# Baycraft Tunnel 180 - need opinions on it



## DuckNut (Apr 3, 2009)

Found this on page 2

http://www.microskiff.com/cgi-bin/yabb2/YaBB.pl?num=1379002574


----------



## coconutgroves (Sep 23, 2013)

Thanks DuckNut - yeah, I came across that post. It mostly focused on the 175 Flats & Bay, which is a v-hull design and drafts 8". The 180 Tunnel is, well, a tunnel design, and they claim it drafts 6". So I am hoping to find people with knowledge of the tunnel hull from them.


----------



## DuckNut (Apr 3, 2009)

I realize that. I posted it for the feedback on the company itself as well as feedback on one of their other products.


----------



## coconutgroves (Sep 23, 2013)

Excellent, thanks again. I've found two other posts on the web regarding the tunnel, so anything and everything helps.


----------



## Kane_Thorp (Jun 14, 2012)

I've fished on one quite a bit. The guy reprinted it and put a bunch of nice stuff on it so I can't comment on the finish, but it rode good, drafted a real 8" and was a very good fishing boat, but was painfully slow with a f70. It was a very fun boat to fish though.


----------



## coconutgroves (Sep 23, 2013)

coosawkane - was that the 2007 that was for sale on here? I saw it had an F70, drafted 7" and ran at 28mph. Sounds similar.

The actual draft is one of my concerns. True 6" with two or three guys and fuel is a must. Anything over that would just be limiting me a too much.

Top end, not so much a concern, but needs to be in low to mid 30s. I was told with an E-60 it will hit 30-32mph, and with an E-90 it will hit 38mph. Figure the F70 would hit somewhere in between that. 

My hope is that the newer models have better draft and better top end.


----------



## koertli (Oct 5, 2013)

Hey Coconut Groves, I saw this post and wanted to put in my .02. I just recently prurchased a 2010 180 Tunnel and fish primarily in Port O'Connor.

I have had the boat out 4 times so far, 3 of which were in the Salt. I will tell you that with the trim tabs, this boat is a smooth as any boat I have ever ridden in in 1-2ft open bay chop. An unless you are cutting across in a side wind, it is the driest ride I have ever witnessed.

I have run between 1-4 people in the 180 and with the Etec 60 it runs between 31-29 mph at WOT.

It has a large and stable poling platform and IMO poles very straight and easy. Wind is the only obstacle. I poled my 250lb fishing buddy into a wind chasing tailing Reds and it wasn't easy but was effective and straight.

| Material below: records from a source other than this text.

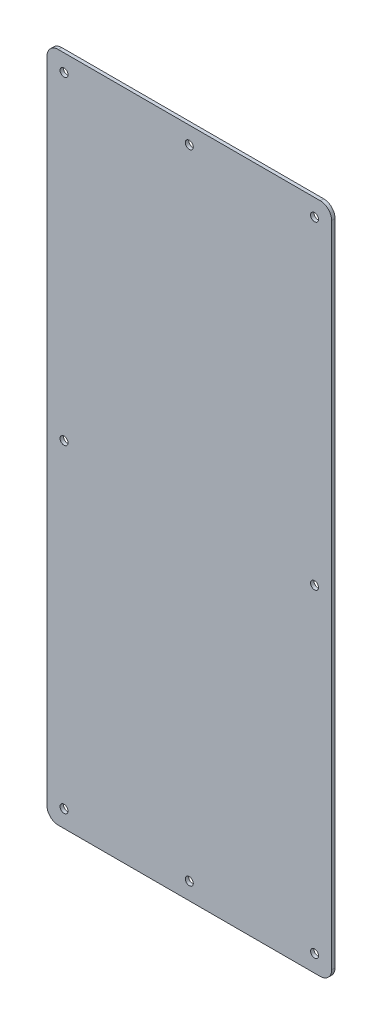
ISO-10303-21;
HEADER;
FILE_DESCRIPTION(('STEP AP214'),'2;1');
FILE_NAME('part.step','',(''),(''),'','','');
FILE_SCHEMA(('AUTOMOTIVE_DESIGN { 1 0 10303 214 1 1 1 1 }'));
ENDSEC;
DATA;
#1=APPLICATION_CONTEXT('core data for automotive mechanical design processes');
#2=APPLICATION_PROTOCOL_DEFINITION('international standard','automotive_design',2000,#1);
#3=PRODUCT_CONTEXT('',#1,'mechanical');
#4=PRODUCT('Part','Part','',(#3));
#5=PRODUCT_RELATED_PRODUCT_CATEGORY('part','',(#4));
#6=PRODUCT_DEFINITION_FORMATION('','',#4);
#7=PRODUCT_DEFINITION_CONTEXT('part definition',#1,'design');
#8=PRODUCT_DEFINITION('design','',#6,#7);
#9=PRODUCT_DEFINITION_SHAPE('','',#8);
#10=(LENGTH_UNIT() NAMED_UNIT(*) SI_UNIT(.MILLI.,.METRE.));
#11=(NAMED_UNIT(*) PLANE_ANGLE_UNIT() SI_UNIT($,.RADIAN.));
#12=(NAMED_UNIT(*) SI_UNIT($,.STERADIAN.) SOLID_ANGLE_UNIT());
#13=UNCERTAINTY_MEASURE_WITH_UNIT(LENGTH_MEASURE(1.E-05),#10,'distance_accuracy_value','');
#14=(GEOMETRIC_REPRESENTATION_CONTEXT(3) GLOBAL_UNCERTAINTY_ASSIGNED_CONTEXT((#13)) GLOBAL_UNIT_ASSIGNED_CONTEXT((#10,
#11,#12)) REPRESENTATION_CONTEXT('',''));
#15=CARTESIAN_POINT('',(0.,0.,0.));
#16=DIRECTION('',(0.,0.,1.));
#17=DIRECTION('',(1.,0.,0.));
#18=AXIS2_PLACEMENT_3D('',#15,#16,#17);
#19=CARTESIAN_POINT('',(125.,295.,3.));
#20=DIRECTION('',(-1.,0.,0.));
#21=DIRECTION('',(0.,-1.,0.));
#22=AXIS2_PLACEMENT_3D('',#19,#20,#21);
#23=PLANE('',#22);
#24=DIRECTION('',(0.,1.,0.));
#25=VECTOR('',#24,1.);
#26=CARTESIAN_POINT('',(125.,295.,3.));
#27=LINE('',#26,#25);
#28=CARTESIAN_POINT('',(125.,-285.,3.));
#29=VERTEX_POINT('',#28);
#30=CARTESIAN_POINT('',(125.,285.,3.));
#31=VERTEX_POINT('',#30);
#32=EDGE_CURVE('E119',#29,#31,#27,.T.);
#33=ORIENTED_EDGE('',*,*,#32,.F.);
#34=DIRECTION('',(0.,0.,-1.));
#35=VECTOR('',#34,1.);
#36=CARTESIAN_POINT('',(125.,-285.,3.));
#37=LINE('',#36,#35);
#38=CARTESIAN_POINT('',(125.,-285.,0.));
#39=VERTEX_POINT('',#38);
#40=EDGE_CURVE('E104',#29,#39,#37,.T.);
#41=ORIENTED_EDGE('',*,*,#40,.T.);
#42=DIRECTION('',(0.,1.,0.));
#43=VECTOR('',#42,1.);
#44=CARTESIAN_POINT('',(125.,295.,0.));
#45=LINE('',#44,#43);
#46=CARTESIAN_POINT('',(125.,285.,0.));
#47=VERTEX_POINT('',#46);
#48=EDGE_CURVE('E116',#39,#47,#45,.T.);
#49=ORIENTED_EDGE('',*,*,#48,.T.);
#50=DIRECTION('',(0.,0.,-1.));
#51=VECTOR('',#50,1.);
#52=CARTESIAN_POINT('',(125.,285.,3.));
#53=LINE('',#52,#51);
#54=EDGE_CURVE('E121',#47,#31,#53,.F.);
#55=ORIENTED_EDGE('',*,*,#54,.T.);
#56=EDGE_LOOP('',(#33,#41,#49,#55));
#57=FACE_BOUND('',#56,.T.);
#58=ADVANCED_FACE('F34',(#57),#23,.F.);
#59=CARTESIAN_POINT('',(-125.,295.,3.));
#60=DIRECTION('',(0.,-1.,0.));
#61=DIRECTION('',(0.,0.,-1.));
#62=AXIS2_PLACEMENT_3D('',#59,#60,#61);
#63=PLANE('',#62);
#64=DIRECTION('',(-1.,0.,0.));
#65=VECTOR('',#64,1.);
#66=CARTESIAN_POINT('',(-125.,295.,0.));
#67=LINE('',#66,#65);
#68=CARTESIAN_POINT('',(115.,295.,0.));
#69=VERTEX_POINT('',#68);
#70=CARTESIAN_POINT('',(-115.,295.,0.));
#71=VERTEX_POINT('',#70);
#72=EDGE_CURVE('E125',#69,#71,#67,.T.);
#73=ORIENTED_EDGE('',*,*,#72,.T.);
#74=DIRECTION('',(0.,0.,-1.));
#75=VECTOR('',#74,1.);
#76=CARTESIAN_POINT('',(-115.,295.,3.));
#77=LINE('',#76,#75);
#78=CARTESIAN_POINT('',(-115.,295.,3.));
#79=VERTEX_POINT('',#78);
#80=EDGE_CURVE('E11',#71,#79,#77,.F.);
#81=ORIENTED_EDGE('',*,*,#80,.T.);
#82=DIRECTION('',(-1.,0.,0.));
#83=VECTOR('',#82,1.);
#84=CARTESIAN_POINT('',(-125.,295.,3.));
#85=LINE('',#84,#83);
#86=CARTESIAN_POINT('',(115.,295.,3.));
#87=VERTEX_POINT('',#86);
#88=EDGE_CURVE('E165',#87,#79,#85,.T.);
#89=ORIENTED_EDGE('',*,*,#88,.F.);
#90=DIRECTION('',(0.,0.,-1.));
#91=VECTOR('',#90,1.);
#92=CARTESIAN_POINT('',(115.,295.,3.));
#93=LINE('',#92,#91);
#94=EDGE_CURVE('E42',#87,#69,#93,.T.);
#95=ORIENTED_EDGE('',*,*,#94,.T.);
#96=EDGE_LOOP('',(#73,#81,#89,#95));
#97=FACE_BOUND('',#96,.T.);
#98=ADVANCED_FACE('F163',(#97),#63,.F.);
#99=CARTESIAN_POINT('',(-125.,295.,3.));
#100=DIRECTION('',(1.,0.,0.));
#101=DIRECTION('',(0.,1.,0.));
#102=AXIS2_PLACEMENT_3D('',#99,#100,#101);
#103=PLANE('',#102);
#104=DIRECTION('',(0.,-1.,0.));
#105=VECTOR('',#104,1.);
#106=CARTESIAN_POINT('',(-125.,295.,0.));
#107=LINE('',#106,#105);
#108=CARTESIAN_POINT('',(-125.,285.,0.));
#109=VERTEX_POINT('',#108);
#110=CARTESIAN_POINT('',(-125.,-285.,0.));
#111=VERTEX_POINT('',#110);
#112=EDGE_CURVE('E129',#109,#111,#107,.T.);
#113=ORIENTED_EDGE('',*,*,#112,.T.);
#114=DIRECTION('',(0.,0.,-1.));
#115=VECTOR('',#114,1.);
#116=CARTESIAN_POINT('',(-125.,-285.,3.));
#117=LINE('',#116,#115);
#118=CARTESIAN_POINT('',(-125.,-285.,3.));
#119=VERTEX_POINT('',#118);
#120=EDGE_CURVE('E49',#111,#119,#117,.F.);
#121=ORIENTED_EDGE('',*,*,#120,.T.);
#122=DIRECTION('',(0.,-1.,0.));
#123=VECTOR('',#122,1.);
#124=CARTESIAN_POINT('',(-125.,295.,3.));
#125=LINE('',#124,#123);
#126=CARTESIAN_POINT('',(-125.,285.,3.));
#127=VERTEX_POINT('',#126);
#128=EDGE_CURVE('E173',#127,#119,#125,.T.);
#129=ORIENTED_EDGE('',*,*,#128,.F.);
#130=DIRECTION('',(0.,0.,-1.));
#131=VECTOR('',#130,1.);
#132=CARTESIAN_POINT('',(-125.,285.,3.));
#133=LINE('',#132,#131);
#134=EDGE_CURVE('E156',#127,#109,#133,.T.);
#135=ORIENTED_EDGE('',*,*,#134,.T.);
#136=EDGE_LOOP('',(#113,#121,#129,#135));
#137=FACE_BOUND('',#136,.T.);
#138=ADVANCED_FACE('F172',(#137),#103,.F.);
#139=CARTESIAN_POINT('',(-125.,-295.,3.));
#140=DIRECTION('',(0.,1.,0.));
#141=DIRECTION('',(0.,0.,1.));
#142=AXIS2_PLACEMENT_3D('',#139,#140,#141);
#143=PLANE('',#142);
#144=DIRECTION('',(1.,0.,0.));
#145=VECTOR('',#144,1.);
#146=CARTESIAN_POINT('',(-125.,-295.,0.));
#147=LINE('',#146,#145);
#148=CARTESIAN_POINT('',(-115.,-295.,0.));
#149=VERTEX_POINT('',#148);
#150=CARTESIAN_POINT('',(115.,-295.,0.));
#151=VERTEX_POINT('',#150);
#152=EDGE_CURVE('E139',#149,#151,#147,.T.);
#153=ORIENTED_EDGE('',*,*,#152,.T.);
#154=DIRECTION('',(0.,0.,-1.));
#155=VECTOR('',#154,1.);
#156=CARTESIAN_POINT('',(115.,-295.,3.));
#157=LINE('',#156,#155);
#158=CARTESIAN_POINT('',(115.,-295.,3.));
#159=VERTEX_POINT('',#158);
#160=EDGE_CURVE('E105',#151,#159,#157,.F.);
#161=ORIENTED_EDGE('',*,*,#160,.T.);
#162=DIRECTION('',(1.,0.,0.));
#163=VECTOR('',#162,1.);
#164=CARTESIAN_POINT('',(-125.,-295.,3.));
#165=LINE('',#164,#163);
#166=CARTESIAN_POINT('',(-115.,-295.,3.));
#167=VERTEX_POINT('',#166);
#168=EDGE_CURVE('E135',#167,#159,#165,.T.);
#169=ORIENTED_EDGE('',*,*,#168,.F.);
#170=DIRECTION('',(0.,0.,-1.));
#171=VECTOR('',#170,1.);
#172=CARTESIAN_POINT('',(-115.,-295.,3.));
#173=LINE('',#172,#171);
#174=EDGE_CURVE('E110',#167,#149,#173,.T.);
#175=ORIENTED_EDGE('',*,*,#174,.T.);
#176=EDGE_LOOP('',(#153,#161,#169,#175));
#177=FACE_BOUND('',#176,.T.);
#178=ADVANCED_FACE('F236',(#177),#143,.F.);
#179=CARTESIAN_POINT('',(125.,-295.,3.));
#180=DIRECTION('',(0.,0.,1.));
#181=DIRECTION('',(1.,0.,0.));
#182=AXIS2_PLACEMENT_3D('',#179,#180,#181);
#183=PLANE('',#182);
#184=CARTESIAN_POINT('',(0.,-280.,3.));
#185=DIRECTION('',(0.,0.,1.));
#186=DIRECTION('',(1.,0.,0.));
#187=AXIS2_PLACEMENT_3D('',#184,#185,#186);
#188=CIRCLE('',#187,3.5);
#189=CARTESIAN_POINT('',(3.5,-280.,3.));
#190=VERTEX_POINT('',#189);
#191=EDGE_CURVE('E218',#190,#190,#188,.T.);
#192=ORIENTED_EDGE('',*,*,#191,.F.);
#193=EDGE_LOOP('',(#192));
#194=FACE_BOUND('',#193,.T.);
#195=CARTESIAN_POINT('',(0.,280.,3.));
#196=DIRECTION('',(0.,0.,1.));
#197=DIRECTION('',(1.,0.,0.));
#198=AXIS2_PLACEMENT_3D('',#195,#196,#197);
#199=CIRCLE('',#198,3.5);
#200=CARTESIAN_POINT('',(3.5,280.,3.));
#201=VERTEX_POINT('',#200);
#202=EDGE_CURVE('E212',#201,#201,#199,.T.);
#203=ORIENTED_EDGE('',*,*,#202,.F.);
#204=EDGE_LOOP('',(#203));
#205=FACE_BOUND('',#204,.T.);
#206=CARTESIAN_POINT('',(110.,0.,3.));
#207=DIRECTION('',(0.,0.,1.));
#208=DIRECTION('',(1.,0.,0.));
#209=AXIS2_PLACEMENT_3D('',#206,#207,#208);
#210=CIRCLE('',#209,3.49999999999999);
#211=CARTESIAN_POINT('',(113.5,0.,3.));
#212=VERTEX_POINT('',#211);
#213=EDGE_CURVE('E206',#212,#212,#210,.T.);
#214=ORIENTED_EDGE('',*,*,#213,.F.);
#215=EDGE_LOOP('',(#214));
#216=FACE_BOUND('',#215,.T.);
#217=CARTESIAN_POINT('',(-110.,0.,3.));
#218=DIRECTION('',(0.,0.,1.));
#219=DIRECTION('',(1.,0.,0.));
#220=AXIS2_PLACEMENT_3D('',#217,#218,#219);
#221=CIRCLE('',#220,3.49999999999999);
#222=CARTESIAN_POINT('',(-106.5,0.,3.));
#223=VERTEX_POINT('',#222);
#224=EDGE_CURVE('E200',#223,#223,#221,.T.);
#225=ORIENTED_EDGE('',*,*,#224,.F.);
#226=EDGE_LOOP('',(#225));
#227=FACE_BOUND('',#226,.T.);
#228=CARTESIAN_POINT('',(110.,-280.,3.));
#229=DIRECTION('',(0.,0.,1.));
#230=DIRECTION('',(1.,0.,0.));
#231=AXIS2_PLACEMENT_3D('',#228,#229,#230);
#232=CIRCLE('',#231,3.49999999999999);
#233=CARTESIAN_POINT('',(113.5,-280.,3.));
#234=VERTEX_POINT('',#233);
#235=EDGE_CURVE('E194',#234,#234,#232,.T.);
#236=ORIENTED_EDGE('',*,*,#235,.F.);
#237=EDGE_LOOP('',(#236));
#238=FACE_BOUND('',#237,.T.);
#239=CARTESIAN_POINT('',(110.,280.,3.));
#240=DIRECTION('',(0.,0.,1.));
#241=DIRECTION('',(1.,0.,0.));
#242=AXIS2_PLACEMENT_3D('',#239,#240,#241);
#243=CIRCLE('',#242,3.49999999999999);
#244=CARTESIAN_POINT('',(113.5,280.,3.));
#245=VERTEX_POINT('',#244);
#246=EDGE_CURVE('E188',#245,#245,#243,.T.);
#247=ORIENTED_EDGE('',*,*,#246,.F.);
#248=EDGE_LOOP('',(#247));
#249=FACE_BOUND('',#248,.T.);
#250=CARTESIAN_POINT('',(-110.,-280.,3.));
#251=DIRECTION('',(0.,0.,1.));
#252=DIRECTION('',(1.,0.,0.));
#253=AXIS2_PLACEMENT_3D('',#250,#251,#252);
#254=CIRCLE('',#253,3.49999999999999);
#255=CARTESIAN_POINT('',(-106.5,-280.,3.));
#256=VERTEX_POINT('',#255);
#257=EDGE_CURVE('E182',#256,#256,#254,.T.);
#258=ORIENTED_EDGE('',*,*,#257,.F.);
#259=EDGE_LOOP('',(#258));
#260=FACE_BOUND('',#259,.T.);
#261=CARTESIAN_POINT('',(-110.,280.,3.));
#262=DIRECTION('',(0.,0.,1.));
#263=DIRECTION('',(1.,0.,0.));
#264=AXIS2_PLACEMENT_3D('',#261,#262,#263);
#265=CIRCLE('',#264,3.49999999999999);
#266=CARTESIAN_POINT('',(-106.5,280.,3.));
#267=VERTEX_POINT('',#266);
#268=EDGE_CURVE('E132',#267,#267,#265,.T.);
#269=ORIENTED_EDGE('',*,*,#268,.F.);
#270=EDGE_LOOP('',(#269));
#271=FACE_BOUND('',#270,.T.);
#272=ORIENTED_EDGE('',*,*,#168,.T.);
#273=CARTESIAN_POINT('',(115.,-285.,3.));
#274=DIRECTION('',(0.,0.,1.));
#275=DIRECTION('',(1.,0.,0.));
#276=AXIS2_PLACEMENT_3D('',#273,#274,#275);
#277=CIRCLE('',#276,10.);
#278=EDGE_CURVE('E154',#159,#29,#277,.T.);
#279=ORIENTED_EDGE('',*,*,#278,.T.);
#280=ORIENTED_EDGE('',*,*,#32,.T.);
#281=CARTESIAN_POINT('',(115.,285.,3.));
#282=DIRECTION('',(0.,0.,1.));
#283=DIRECTION('',(1.,0.,0.));
#284=AXIS2_PLACEMENT_3D('',#281,#282,#283);
#285=CIRCLE('',#284,10.);
#286=EDGE_CURVE('E149',#31,#87,#285,.T.);
#287=ORIENTED_EDGE('',*,*,#286,.T.);
#288=ORIENTED_EDGE('',*,*,#88,.T.);
#289=CARTESIAN_POINT('',(-115.,285.,3.));
#290=DIRECTION('',(0.,0.,1.));
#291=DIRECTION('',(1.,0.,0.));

Actual draft for this boat is probably around 7" with 3 people. That is distributing the weight in the boat to optimize draft. I would question other Boat Builder claims or read the wieght limits correctly. The Baycraft is rated for 4 people or 650lbs. 650lbs is realistically 3 people.

I love this Boat. The fit and finish is as nice as anything I have been on including my buddy's Curlew. When he bought his Curlew h wanted the ability to Pole. The Curlew poles like a Saucer. That is, terribleIt also rides rough in 1ft + chop. The only thing it is good for after that is runing in three inches of water.

Plus, his Curlew has a 115 Yamaha 2 stroke. Only runs 31mph and sucks over twice the fuel of the Bay Craft. I am getting around 8MPG w/ the 60hp Etec.

I am still tinkering with this boat as I think an aggressivly Cupped 4 blade Prop is going to be needed to get the kind of Hole Shot I would like? And, I feel like the motor needs to be raised about 3 more inches above the transom in its highest Jackplate setting.

If you are interested, I will report back on here as to real numbers on Draft as I use the boat more and as well as Hole shot numbers.

The Factory will only rig the Etec. You can buy the Hull and put the F70 on if you choose? If I had purchased Brand new, that I what I would have done. I found my Boat used with only 22 hrs on it. It has a Power Pole and Remote Controlled Minkota Trolling Motor. I was able to get it for $17K after delevery, and all Reg. Taxes were paid.

Also, when I spoke with Ana about any warranty work in the Fiberglass etc.. She said it would have to be done in Florida. Some of the other Mftrs I spoke with said they would reimburse after taking to a local shop if the need arose.

That said, I don't think this will be problem as my feel for the quality of this Boat is enogh that this should never be an issue.

I live in Driftwood, outside of Austin. I currently have the 180 at my house but will be leaving it in Port Lavaca next weekend after I fish POC. 

Let me know if you have any questions?


----------



## coconutgroves (Sep 23, 2013)

TX Bay Craft - 

Thanks for the response - that's some good info that I'm sure many others will get value from as well.  I looked at one in person nearby and was impressed for the build quality of the boat at price point.  I am doing A LOT of research and have expanded a bit to include smaller boats too.  Choosing a new skiff ain't an easy decision.


----------